— Problem description —
Images don't belong in the copy. Output the rest of the data exactly.

═════ Data records

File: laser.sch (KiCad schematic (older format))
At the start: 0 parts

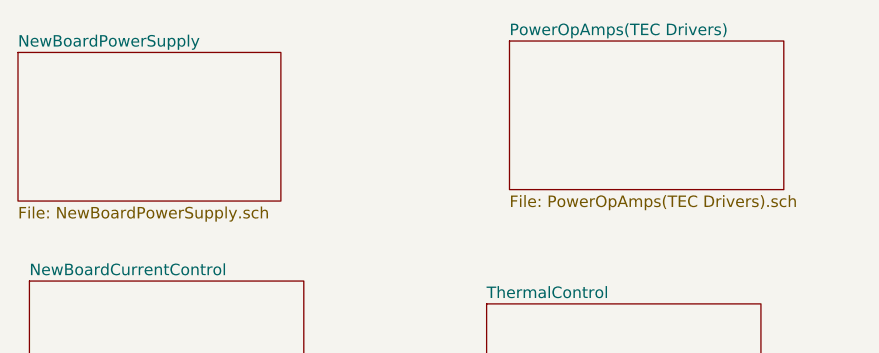
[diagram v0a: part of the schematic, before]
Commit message: added 4.2V port from pwr supply to pwr op amps sheet
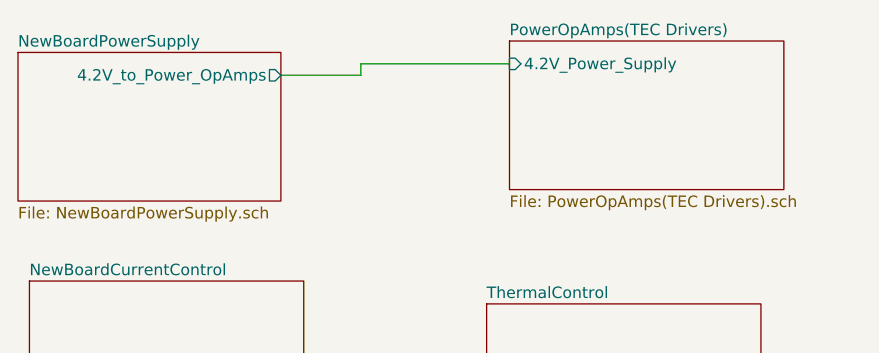
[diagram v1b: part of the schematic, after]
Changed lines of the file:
@@
 F0 "NewBoardPowerSupply" 50
 F1 "NewBoardPowerSupply.sch" 50
+F2 "4.2V_to_Power_OpAmps" O R 2850 1350 50
 $EndSheet
 $Sheet
@@
 F0 "PowerOpAmps(TEC Drivers)" 50
 F1 "PowerOpAmps(TEC Drivers).sch" 50
+F2 "4.2V_Power_Supply" I L 3850 1300 50
 $EndSheet
 $Sheet
@@
 F1 "ArduinoNano.sch" 50
 $EndSheet
+Wire Wire Line
+	2850 1350 3200 1350
+Wire Wire Line
+	3200 1350 3200 1300
+Wire Wire Line
+	3200 1300 3850 1300
 $EndSCHEMATC

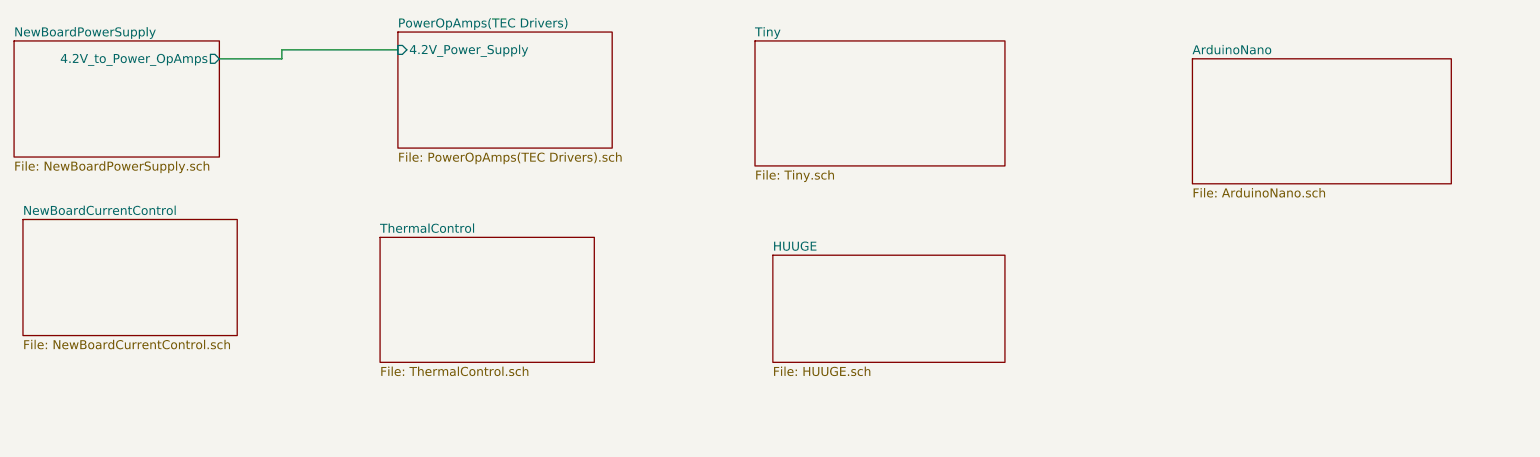
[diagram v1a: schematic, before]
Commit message: added 5v power source 'ports'
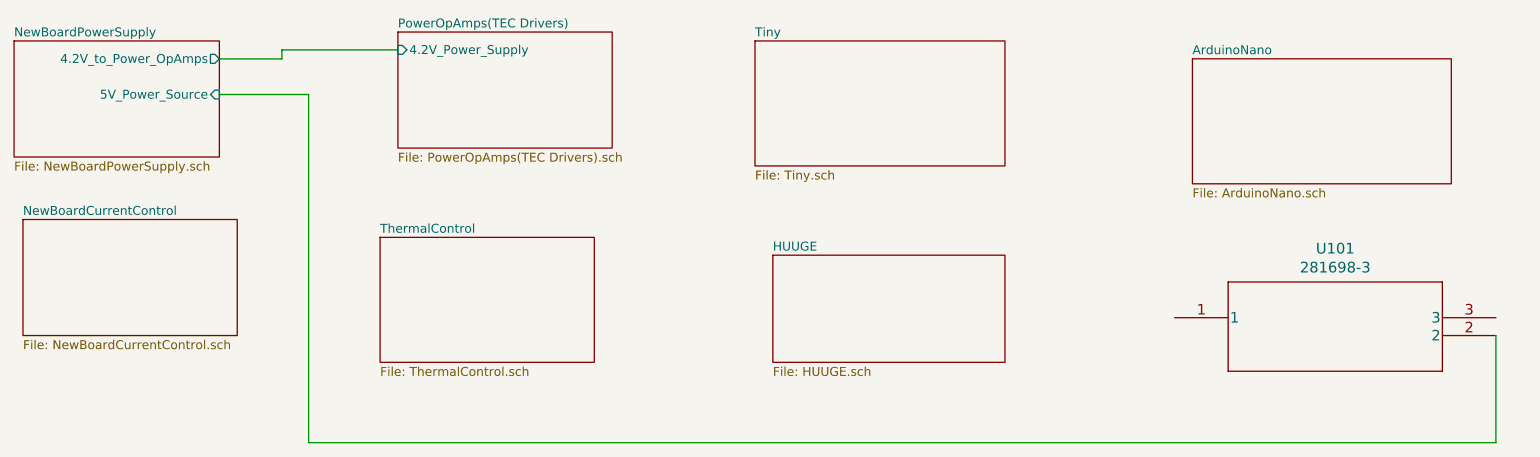
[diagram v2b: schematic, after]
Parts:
- added U101: 281698-3, footprint libraries:281698-3, symbol 3PinHeader:281698-3
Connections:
- new net NewBoardPowerSupply/5V_Power_Source: U101.2
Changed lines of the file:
@@
 F1 "NewBoardPowerSupply.sch" 50
 F2 "4.2V_to_Power_OpAmps" O R 2850 1350 50
+F3 "5V_Power_Source" I R 2850 1550 50
 $EndSheet
 $Sheet
@@
 Wire Wire Line
 	3200 1300 3850 1300
+$Comp
+L 3PinHeader:281698-3 U101
+U 1 1 60DB4391
+P 8200 2800
+F 0 "U101" H 9100 3187 60  0000 C CNN
+F 1 "281698-3" H 9100 3081 60  0000 C CNN
+F 2 "footprint libraries:281698-3" H 9100 3040 60  0001 C CNN
+F 3 "" H 8200 2800 60  0000 C CNN
+	1    8200 2800
+	1    0    0    -1
+$EndComp
+Wire Wire Line
+	2850 1550 3350 1550
+Wire Wire Line
+	3350 1550 3350 3500
+Wire Wire Line
+	3350 3500 10000 3500
+Wire Wire Line
+	10000 3500 10000 2900
 $EndSCHEMATC

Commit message: connect 5V label from nano on main
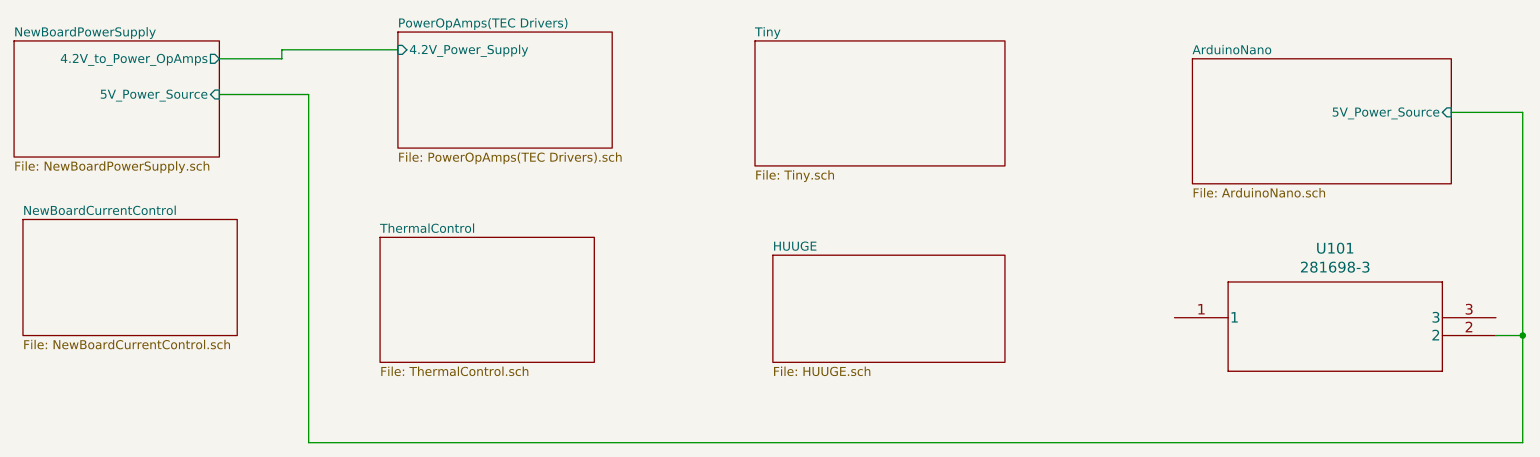
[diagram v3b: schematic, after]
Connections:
- net NewBoardPowerSupply/5V_Power_Source renamed ArduinoNano/5V_Power_Source
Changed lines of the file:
@@
 F0 "ArduinoNano" 50
 F1 "ArduinoNano.sch" 50
+F2 "5V_Power_Source" I R 9750 1650 50
 $EndSheet
 Wire Wire Line
@@
 	3350 1550 3350 3500
 Wire Wire Line
-	3350 3500 10000 3500
+	10150 3500 10150 2900
 Wire Wire Line
-	10000 3500 10000 2900
+	10150 2900 10000 2900
+Wire Wire Line
+	3350 3500 10150 3500
+Wire Wire Line
+	10150 2900 10150 1650
+Wire Wire Line
+	10150 1650 9750 1650
+Connection ~ 10150 2900
 $EndSCHEMATC

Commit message: ground
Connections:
- net GND: now reaches U101.1
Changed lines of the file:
@@
 	10150 1650 9750 1650
 Connection ~ 10150 2900
+$Comp
+L power:GND #PWR?
+U 1 1 60D4CF8B
+P 8200 2800
+F 0 "#PWR?" H 8200 2550 50  0001 C CNN
+F 1 "GND" V 8205 2672 50  0000 R CNN
+F 2 "" H 8200 2800 50  0001 C CNN
+F 3 "" H 8200 2800 50  0001 C CNN
+	1    8200 2800
+	0    1    1    0
+$EndComp
 $EndSCHEMATC

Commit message: add mod symbol
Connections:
- net NewBoardCurrentControl/MODULATION_SIGNAL: now reaches U101.3
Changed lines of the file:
@@
 F0 "NewBoardCurrentControl" 50
 F1 "NewBoardCurrentControl.sch" 50
+F2 "MODULATION_SIGNAL" I R 2950 2550 50
 $EndSheet
 $Sheet
@@
 	0    1    1    0
 $EndComp
+Wire Wire Line
+	2950 2550 3000 2550
+Wire Wire Line
+	3000 2550 3000 2150
+Wire Wire Line
+	3000 2150 10000 2150
+Wire Wire Line
+	10000 2150 10000 2800
 $EndSCHEMATC

══════════

— Response area —
File: laser.sch (KiCad schematic (older format))
At the start: 0 parts

[diagram v0a: part of the schematic, before]
Commit message: added 4.2V port from pwr supply to pwr op amps sheet
[diagram v1b: part of the schematic, after]
Changed lines of the file:
@@
 F0 "NewBoardPowerSupply" 50
 F1 "NewBoardPowerSupply.sch" 50
+F2 "4.2V_to_Power_OpAmps" O R 2850 1350 50
 $EndSheet
 $Sheet
@@
 F0 "PowerOpAmps(TEC Drivers)" 50
 F1 "PowerOpAmps(TEC Drivers).sch" 50
+F2 "4.2V_Power_Supply" I L 3850 1300 50
 $EndSheet
 $Sheet
@@
 F1 "ArduinoNano.sch" 50
 $EndSheet
+Wire Wire Line
+	2850 1350 3200 1350
+Wire Wire Line
+	3200 1350 3200 1300
+Wire Wire Line
+	3200 1300 3850 1300
 $EndSCHEMATC

[diagram v1a: schematic, before]
Commit message: added 5v power source 'ports'
[diagram v2b: schematic, after]
Parts:
- added U101: 281698-3, footprint libraries:281698-3, symbol 3PinHeader:281698-3
Connections:
- new net NewBoardPowerSupply/5V_Power_Source: U101.2
Changed lines of the file:
@@
 F1 "NewBoardPowerSupply.sch" 50
 F2 "4.2V_to_Power_OpAmps" O R 2850 1350 50
+F3 "5V_Power_Source" I R 2850 1550 50
 $EndSheet
 $Sheet
@@
 Wire Wire Line
 	3200 1300 3850 1300
+$Comp
+L 3PinHeader:281698-3 U101
+U 1 1 60DB4391
+P 8200 2800
+F 0 "U101" H 9100 3187 60  0000 C CNN
+F 1 "281698-3" H 9100 3081 60  0000 C CNN
+F 2 "footprint libraries:281698-3" H 9100 3040 60  0001 C CNN
+F 3 "" H 8200 2800 60  0000 C CNN
+	1    8200 2800
+	1    0    0    -1
+$EndComp
+Wire Wire Line
+	2850 1550 3350 1550
+Wire Wire Line
+	3350 1550 3350 3500
+Wire Wire Line
+	3350 3500 10000 3500
+Wire Wire Line
+	10000 3500 10000 2900
 $EndSCHEMATC

Commit message: connect 5V label from nano on main
[diagram v3b: schematic, after]
Connections:
- net NewBoardPowerSupply/5V_Power_Source renamed ArduinoNano/5V_Power_Source
Changed lines of the file:
@@
 F0 "ArduinoNano" 50
 F1 "ArduinoNano.sch" 50
+F2 "5V_Power_Source" I R 9750 1650 50
 $EndSheet
 Wire Wire Line
@@
 	3350 1550 3350 3500
 Wire Wire Line
-	3350 3500 10000 3500
+	10150 3500 10150 2900
 Wire Wire Line
-	10000 3500 10000 2900
+	10150 2900 10000 2900
+Wire Wire Line
+	3350 3500 10150 3500
+Wire Wire Line
+	10150 2900 10150 1650
+Wire Wire Line
+	10150 1650 9750 1650
+Connection ~ 10150 2900
 $EndSCHEMATC

Commit message: ground
Connections:
- net GND: now reaches U101.1
Changed lines of the file:
@@
 	10150 1650 9750 1650
 Connection ~ 10150 2900
+$Comp
+L power:GND #PWR?
+U 1 1 60D4CF8B
+P 8200 2800
+F 0 "#PWR?" H 8200 2550 50  0001 C CNN
+F 1 "GND" V 8205 2672 50  0000 R CNN
+F 2 "" H 8200 2800 50  0001 C CNN
+F 3 "" H 8200 2800 50  0001 C CNN
+	1    8200 2800
+	0    1    1    0
+$EndComp
 $EndSCHEMATC

Commit message: add mod symbol
Connections:
- net NewBoardCurrentControl/MODULATION_SIGNAL: now reaches U101.3
Changed lines of the file:
@@
 F0 "NewBoardCurrentControl" 50
 F1 "NewBoardCurrentControl.sch" 50
+F2 "MODULATION_SIGNAL" I R 2950 2550 50
 $EndSheet
 $Sheet
@@
 	0    1    1    0
 $EndComp
+Wire Wire Line
+	2950 2550 3000 2550
+Wire Wire Line
+	3000 2550 3000 2150
+Wire Wire Line
+	3000 2150 10000 2150
+Wire Wire Line
+	10000 2150 10000 2800
 $EndSCHEMATC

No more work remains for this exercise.